问题
This is a graph of the execution speed according to the dimension of the k - d tree and brute-force that I wrote. The number of pointer sets was fixed at 1 M (1,000,000), and Query measured the speed performed 1000 times. The increase in the k - d tree is huge, But brute-force is not. I wonder why these results have come out and how they can be improved.
回答1:
Some ideas:
The performance may depend a lot on the characteristics of the data. For example, are the data points evenly distributed, clustered or otherwise arranged?
Also, what is the kind of query you are performing? One explanation would be that you are using a window-query that returns the whole point set, or large parts of it. In that case, brute force will always be faster.
Is there maybe a flaw in the KD-Tree implementation?
Generally it is known that kD-Trees don't scale very well with high dimensionality. So, for example in machine learning, dimensionality is often reduced to be around 10 to 20. However, unless you do the brute force on a GPU, KD-Tree should be faster.

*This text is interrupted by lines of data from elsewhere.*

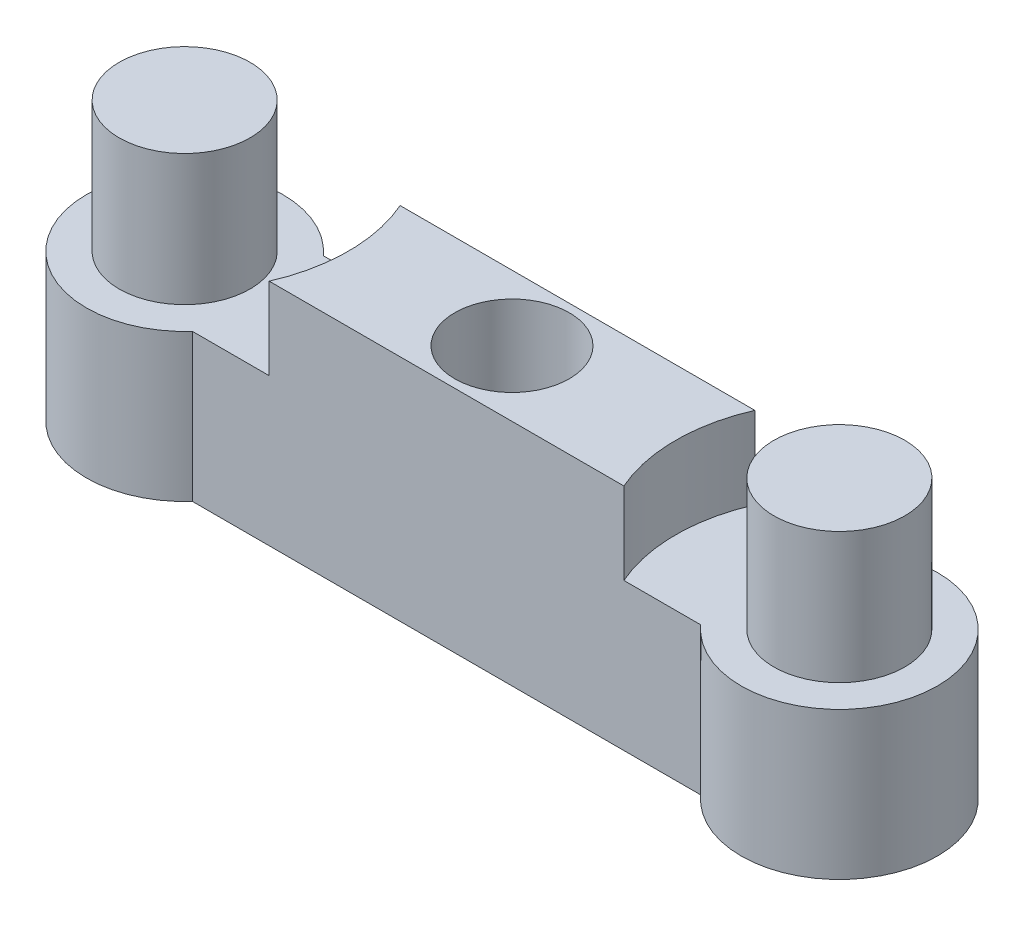
from build123d import *

# Parameters (mm, degrees)
EXTRUDE_1_DEPTH     = 9
SKETCH_2_R          = 5
CUT_EXTRUDE_1_DEPTH = 4.5
SKETCH_3_R          = 2
EXTRUDE_2_DEPTH     = 4
SKETCH_4_R          = 1
CUT_EXTRUDE_2_DEPTH = 10
SKETCH_5_R          = 1.75
CUT_EXTRUDE_3_DEPTH = 7
SKETCH_6_W          = 12.787856614
SKETCH_6_H          = 6.453658168
CUT_EXTRUDE_4_DEPTH = 2


with BuildPart() as part:
    # 草图1 → 凸台-拉伸1 (new body)
    with BuildSketch(Plane(origin=(0, 0, 0), x_dir=(1, 0, 0), z_dir=(0, 1, 0))):
        with BuildLine():
            Line((7.763932023, -2), (-7.763932023, -2))
            ThreePointArc((-7.763932023, -2), (-13, 0), (-7.763932023, 2))
            Line((-7.763932023, 2), (7.763932023, 2))
            ThreePointArc((7.763932023, 2), (13, 0), (7.763932023, -2))
        make_face()
    extrude(amount=EXTRUDE_1_DEPTH)

    # 草图2 → 切除-拉伸1 (cut)
    with BuildSketch(Plane(origin=(0, 9, 0), x_dir=(1, 0, 0), z_dir=(0, 1, 0))):
        with Locations((-10, 0)):
            Circle(SKETCH_2_R)
        with Locations((10, 0)):
            Circle(SKETCH_2_R)
    extrude(amount=-CUT_EXTRUDE_1_DEPTH, mode=Mode.SUBTRACT)

    # 草图3 → 凸台-拉伸2 (add)
    with BuildSketch(Plane(origin=(0, 4.5, 0), x_dir=(1, 0, 0), z_dir=(0, 1, 0))):
        with Locations((-10, 0)):
            Circle(SKETCH_3_R)
        with Locations((10, 0)):
            Circle(SKETCH_3_R)
    extrude(amount=EXTRUDE_2_DEPTH)

    # 草图4 → 切除-拉伸2 (cut, through all)
    with BuildSketch(Plane(origin=(0, 9, 0), x_dir=(1, 0, 0), z_dir=(0, 1, 0))):
        Circle(SKETCH_4_R)
    extrude(amount=-CUT_EXTRUDE_2_DEPTH, mode=Mode.SUBTRACT)

    # 草图5 → 切除-拉伸3 (cut)
    with BuildSketch(Plane(origin=(0, 9, 0), x_dir=(1, 0, 0), z_dir=(0, 1, 0))):
        Circle(SKETCH_5_R)
    extrude(amount=-CUT_EXTRUDE_3_DEPTH, mode=Mode.SUBTRACT)

    # 草图6 → 切除-拉伸4 (cut)
    with BuildSketch(Plane(origin=(0, 9, 0), x_dir=(1, 0, 0), z_dir=(0, 1, 0))):
        Rectangle(SKETCH_6_W, SKETCH_6_H)
    extrude(amount=-CUT_EXTRUDE_4_DEPTH, mode=Mode.SUBTRACT)


solid = part.part

If you are looking for structures that scale better with high dimensions (insertion / window-query), have a look at R*Trees or the PH-Tree (the latter is self-advertisement and currently limited to 60 dimensions, but a high-dim version will be released this week). For k-nearest neighbor search, have a look at CoverTrees or BallTrees. If you are using Java, you can have a look at implementations in my repo. I also implemented an R*Tree here.